When he was a fledgling politician, I was still a relatively green reporter.

In some ways, the two of us learned our jobs together.

Ostashek had a Grade 11 education, and many people believed him a tad slow.

They were dead wrong.

Ostashek had a keen mind, he was curious and one of the best-briefed politicians I ever had the pleasure to spar with.

He was a tough character.

He went bison hunting, and bagged one, while on chemotherapy for a rare cancer.

And the guy knew how to make money.

Sometime after leaving school, he worked in a bank.

He quit that job, took a $500 loan from his dad and built a multimillion-dollar outfitting business in Alberta before coming to the territory.

He was someone who knew what he wanted, and went after it.

I remember the first time I saw him. He tossed open the doors to a local hotel’s ballroom and strode up to an open mike, where he challenged then-leader Willard Phelps on his stewardship of the Yukon Conservative Party.

I didn’t know it at the time, but he was clearly positioning himself to take control of the party.

That marked him as a guy who thought ahead and considered the future.

In June 1991, Tom Siddon approved a trans-boundary land claim for the Tetlit Gwich’in that handed 1,554 square kilometres of Yukon land to the NWT First Nation.

On October 26, in protest, the Conservative Party morphed into the Yukon Party.

On October 31, Ostashek announced his intention to lead the party.

His competition was Dan Lang.

But on November 21, the day before the voting, Lang withdrew his candidacy. Ostashek was acclaimed leader on November 22, 1991.

He urged Yukoners to “fight for their rights” against a federal government that was selling out the territory.

And he urged “Indian candidates to come forward and assume their rightful place in running the affairs of the whole territory, not just their own lands.”

That steadfast focus on governance of the whole territory for the whole territory’s benefit was often forgotten during his stint in government.

But it proved the foundation of his leadership.

“How can Yukoners continue to run their affairs if large sections of the territory are owned and controlled by non-residents?” he said, a sly reference to both the Tetlit Gwich’in settlement and Ottawa’s continued long-distance management of the territory.

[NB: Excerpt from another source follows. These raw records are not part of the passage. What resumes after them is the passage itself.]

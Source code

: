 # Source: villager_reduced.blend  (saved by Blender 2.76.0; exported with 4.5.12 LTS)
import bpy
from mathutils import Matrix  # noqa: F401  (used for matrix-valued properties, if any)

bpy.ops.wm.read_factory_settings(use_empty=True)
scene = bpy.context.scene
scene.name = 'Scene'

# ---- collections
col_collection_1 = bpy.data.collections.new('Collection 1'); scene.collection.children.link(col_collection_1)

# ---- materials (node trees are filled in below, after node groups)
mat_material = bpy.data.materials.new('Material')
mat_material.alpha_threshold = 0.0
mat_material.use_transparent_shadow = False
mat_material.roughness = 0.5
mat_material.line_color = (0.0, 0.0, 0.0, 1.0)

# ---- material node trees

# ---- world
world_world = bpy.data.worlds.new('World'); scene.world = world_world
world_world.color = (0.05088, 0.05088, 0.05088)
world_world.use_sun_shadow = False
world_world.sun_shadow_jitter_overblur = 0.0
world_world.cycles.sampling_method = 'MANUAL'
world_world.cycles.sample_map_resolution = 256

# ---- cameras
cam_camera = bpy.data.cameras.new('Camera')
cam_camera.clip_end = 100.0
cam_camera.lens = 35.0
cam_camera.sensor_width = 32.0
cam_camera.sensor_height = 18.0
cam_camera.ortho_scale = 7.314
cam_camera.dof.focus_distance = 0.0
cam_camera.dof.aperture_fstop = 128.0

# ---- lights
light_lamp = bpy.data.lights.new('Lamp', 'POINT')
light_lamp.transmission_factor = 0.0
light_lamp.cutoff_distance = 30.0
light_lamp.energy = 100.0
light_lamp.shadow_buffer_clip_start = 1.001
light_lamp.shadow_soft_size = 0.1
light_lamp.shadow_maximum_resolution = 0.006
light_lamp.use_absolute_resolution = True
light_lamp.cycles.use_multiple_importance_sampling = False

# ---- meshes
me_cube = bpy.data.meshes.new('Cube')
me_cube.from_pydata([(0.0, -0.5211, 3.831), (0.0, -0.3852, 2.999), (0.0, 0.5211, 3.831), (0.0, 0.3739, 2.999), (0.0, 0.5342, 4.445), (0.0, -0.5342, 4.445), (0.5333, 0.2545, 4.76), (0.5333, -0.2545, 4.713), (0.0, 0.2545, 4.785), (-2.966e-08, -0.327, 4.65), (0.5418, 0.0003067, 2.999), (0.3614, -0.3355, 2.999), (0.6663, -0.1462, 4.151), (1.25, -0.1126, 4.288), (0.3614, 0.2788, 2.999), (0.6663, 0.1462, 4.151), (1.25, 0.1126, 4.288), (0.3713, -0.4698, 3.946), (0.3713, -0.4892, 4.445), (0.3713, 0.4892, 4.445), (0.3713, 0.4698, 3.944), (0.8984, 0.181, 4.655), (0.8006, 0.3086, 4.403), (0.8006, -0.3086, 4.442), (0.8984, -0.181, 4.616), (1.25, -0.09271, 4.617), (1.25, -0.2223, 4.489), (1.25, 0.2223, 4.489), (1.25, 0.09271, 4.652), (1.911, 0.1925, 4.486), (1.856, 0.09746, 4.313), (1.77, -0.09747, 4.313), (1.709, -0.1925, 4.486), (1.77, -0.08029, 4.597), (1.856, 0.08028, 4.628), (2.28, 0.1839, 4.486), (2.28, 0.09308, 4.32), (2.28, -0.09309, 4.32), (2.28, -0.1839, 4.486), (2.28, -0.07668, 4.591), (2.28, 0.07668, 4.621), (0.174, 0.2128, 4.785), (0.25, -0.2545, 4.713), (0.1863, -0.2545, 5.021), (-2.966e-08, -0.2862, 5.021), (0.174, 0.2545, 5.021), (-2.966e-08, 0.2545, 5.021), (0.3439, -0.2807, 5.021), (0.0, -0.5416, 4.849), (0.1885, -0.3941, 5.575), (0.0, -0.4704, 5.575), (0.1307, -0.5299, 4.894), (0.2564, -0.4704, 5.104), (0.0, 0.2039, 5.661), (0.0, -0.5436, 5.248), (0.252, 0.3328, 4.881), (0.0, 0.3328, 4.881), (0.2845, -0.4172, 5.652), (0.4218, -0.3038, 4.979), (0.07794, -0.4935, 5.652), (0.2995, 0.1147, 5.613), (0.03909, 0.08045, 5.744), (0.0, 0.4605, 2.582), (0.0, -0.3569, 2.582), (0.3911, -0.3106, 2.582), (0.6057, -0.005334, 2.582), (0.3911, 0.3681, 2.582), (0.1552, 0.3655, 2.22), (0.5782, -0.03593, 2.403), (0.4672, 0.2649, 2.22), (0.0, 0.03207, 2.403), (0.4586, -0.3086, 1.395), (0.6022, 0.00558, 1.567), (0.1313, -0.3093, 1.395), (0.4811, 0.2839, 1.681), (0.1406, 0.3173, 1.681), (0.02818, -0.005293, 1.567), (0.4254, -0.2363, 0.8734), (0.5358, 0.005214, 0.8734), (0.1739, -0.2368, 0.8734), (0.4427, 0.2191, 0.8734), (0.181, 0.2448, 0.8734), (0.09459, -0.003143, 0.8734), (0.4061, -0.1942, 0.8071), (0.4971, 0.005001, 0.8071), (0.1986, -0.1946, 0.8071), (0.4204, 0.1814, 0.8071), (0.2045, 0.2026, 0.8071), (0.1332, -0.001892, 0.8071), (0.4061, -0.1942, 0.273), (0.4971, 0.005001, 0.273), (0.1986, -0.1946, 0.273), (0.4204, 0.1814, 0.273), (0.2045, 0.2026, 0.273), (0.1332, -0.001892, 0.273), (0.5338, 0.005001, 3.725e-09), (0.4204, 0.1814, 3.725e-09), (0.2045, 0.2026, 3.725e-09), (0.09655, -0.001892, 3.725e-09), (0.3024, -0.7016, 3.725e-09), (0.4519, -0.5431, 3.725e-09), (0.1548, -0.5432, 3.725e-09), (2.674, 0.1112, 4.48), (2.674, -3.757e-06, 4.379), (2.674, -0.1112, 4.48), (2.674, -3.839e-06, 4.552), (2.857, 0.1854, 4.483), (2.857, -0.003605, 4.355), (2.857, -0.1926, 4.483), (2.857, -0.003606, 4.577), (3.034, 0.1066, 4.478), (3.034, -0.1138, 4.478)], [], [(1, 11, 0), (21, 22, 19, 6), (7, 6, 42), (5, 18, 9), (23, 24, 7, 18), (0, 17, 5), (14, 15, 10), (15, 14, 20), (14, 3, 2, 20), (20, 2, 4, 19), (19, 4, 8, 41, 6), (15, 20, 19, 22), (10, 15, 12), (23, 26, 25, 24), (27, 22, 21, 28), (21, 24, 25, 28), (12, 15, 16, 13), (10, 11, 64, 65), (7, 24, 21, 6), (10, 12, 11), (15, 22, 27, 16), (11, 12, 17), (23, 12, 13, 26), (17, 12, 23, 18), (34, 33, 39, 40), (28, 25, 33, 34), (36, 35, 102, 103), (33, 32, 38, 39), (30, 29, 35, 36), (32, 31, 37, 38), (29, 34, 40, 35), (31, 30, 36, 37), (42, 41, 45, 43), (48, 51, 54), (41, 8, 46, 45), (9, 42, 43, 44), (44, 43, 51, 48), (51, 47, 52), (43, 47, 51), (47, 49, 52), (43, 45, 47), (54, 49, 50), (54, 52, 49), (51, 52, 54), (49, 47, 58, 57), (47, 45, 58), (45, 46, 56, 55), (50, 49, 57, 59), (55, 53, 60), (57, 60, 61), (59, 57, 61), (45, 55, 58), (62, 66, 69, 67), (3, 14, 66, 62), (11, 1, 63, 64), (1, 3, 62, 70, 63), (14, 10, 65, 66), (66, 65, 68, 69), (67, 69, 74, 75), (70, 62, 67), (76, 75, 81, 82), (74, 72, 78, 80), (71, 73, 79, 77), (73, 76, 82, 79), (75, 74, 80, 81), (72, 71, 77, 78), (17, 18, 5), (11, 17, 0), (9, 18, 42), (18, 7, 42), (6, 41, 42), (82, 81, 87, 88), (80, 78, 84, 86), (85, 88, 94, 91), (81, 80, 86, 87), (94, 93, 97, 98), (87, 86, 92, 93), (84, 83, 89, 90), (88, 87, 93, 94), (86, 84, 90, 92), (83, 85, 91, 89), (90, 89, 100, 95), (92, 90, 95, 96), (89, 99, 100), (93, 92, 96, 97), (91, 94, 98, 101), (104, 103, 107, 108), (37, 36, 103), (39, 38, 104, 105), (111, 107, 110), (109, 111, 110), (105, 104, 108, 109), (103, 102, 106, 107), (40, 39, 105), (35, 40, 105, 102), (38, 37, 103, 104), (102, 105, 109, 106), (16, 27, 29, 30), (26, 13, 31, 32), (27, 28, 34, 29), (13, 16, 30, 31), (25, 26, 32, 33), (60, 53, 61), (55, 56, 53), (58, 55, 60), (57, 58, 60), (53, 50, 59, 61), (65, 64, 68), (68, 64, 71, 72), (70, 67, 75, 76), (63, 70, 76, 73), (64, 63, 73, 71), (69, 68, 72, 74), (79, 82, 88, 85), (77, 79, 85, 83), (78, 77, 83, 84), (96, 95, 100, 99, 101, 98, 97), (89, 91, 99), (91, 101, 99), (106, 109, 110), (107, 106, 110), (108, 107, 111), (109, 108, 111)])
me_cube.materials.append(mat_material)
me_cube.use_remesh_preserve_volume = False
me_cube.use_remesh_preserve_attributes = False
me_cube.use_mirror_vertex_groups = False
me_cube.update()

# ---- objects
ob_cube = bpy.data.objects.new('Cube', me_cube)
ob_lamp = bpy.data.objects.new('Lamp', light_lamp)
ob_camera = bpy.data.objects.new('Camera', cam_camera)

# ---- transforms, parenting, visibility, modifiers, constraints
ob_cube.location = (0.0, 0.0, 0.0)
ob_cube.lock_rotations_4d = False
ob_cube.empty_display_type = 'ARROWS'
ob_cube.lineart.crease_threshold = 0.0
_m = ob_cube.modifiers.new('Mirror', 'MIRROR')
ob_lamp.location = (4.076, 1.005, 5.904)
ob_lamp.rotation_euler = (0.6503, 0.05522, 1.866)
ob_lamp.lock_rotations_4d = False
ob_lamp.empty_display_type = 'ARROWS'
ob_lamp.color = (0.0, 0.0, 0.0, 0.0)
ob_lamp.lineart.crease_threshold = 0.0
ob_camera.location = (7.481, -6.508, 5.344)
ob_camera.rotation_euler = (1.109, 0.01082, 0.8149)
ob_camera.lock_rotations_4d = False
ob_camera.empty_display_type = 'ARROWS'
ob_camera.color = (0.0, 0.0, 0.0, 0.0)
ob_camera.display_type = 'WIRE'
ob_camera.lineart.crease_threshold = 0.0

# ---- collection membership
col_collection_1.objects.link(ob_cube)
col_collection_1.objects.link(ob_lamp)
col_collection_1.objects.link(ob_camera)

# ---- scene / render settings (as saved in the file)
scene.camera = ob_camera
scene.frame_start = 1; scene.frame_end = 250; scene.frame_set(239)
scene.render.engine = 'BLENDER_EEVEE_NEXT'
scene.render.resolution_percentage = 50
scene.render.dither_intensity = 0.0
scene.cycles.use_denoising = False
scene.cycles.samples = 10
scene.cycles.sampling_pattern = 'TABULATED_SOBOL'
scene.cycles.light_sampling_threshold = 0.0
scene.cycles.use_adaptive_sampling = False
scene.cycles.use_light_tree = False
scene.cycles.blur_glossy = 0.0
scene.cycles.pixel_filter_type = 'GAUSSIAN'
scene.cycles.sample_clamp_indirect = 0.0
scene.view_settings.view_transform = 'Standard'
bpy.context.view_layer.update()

Ostashek had a very clear understanding of the Yukon land-claim and self-government agreements. He signed three of them while he was in office.

And he wanted all 14 Yukon First Nations in the fold.

Like Premier Tony Penikett before him, he understood why it was important to have final agreements in which First Nations relinquished traditional territory in favour of defined settlement lands.

He knew how difficult it would be to govern the territory if it was carved up into separate fiefdoms. He knew the importance of having a central government looking out for the interests of the whole.

He wanted the territory’s aboriginal people to be central players in that larger vision.

In the years following his defeat, I came to understand that.

I came to respect it.

And, in a territory where people often shield their true feelings — out of fear, or self interest — Ostashek was a straight talker.

In 2004, he was on the mend from multiple myeloma — a rare cancer that afflicts white blood cells — when he was interviewed by this paper.

He was reluctant to talk about himself.

But politics was another matter.

He wasn’t afraid to talk about the Yukon, and voice concerns about the party he once led.

 “If anything, the (Fentie government) has set it back (the land claims file) by making side deals with First Nations and implementing parts of the land claims agreement with First Nations that haven’t even signed an agreement,” he said.

“And that’s going to come back to haunt us.”

Today, in light of a recent Yukon Supreme Court decision, those words are beginning to seem prescient.

I always meant to phone him. To tell him that.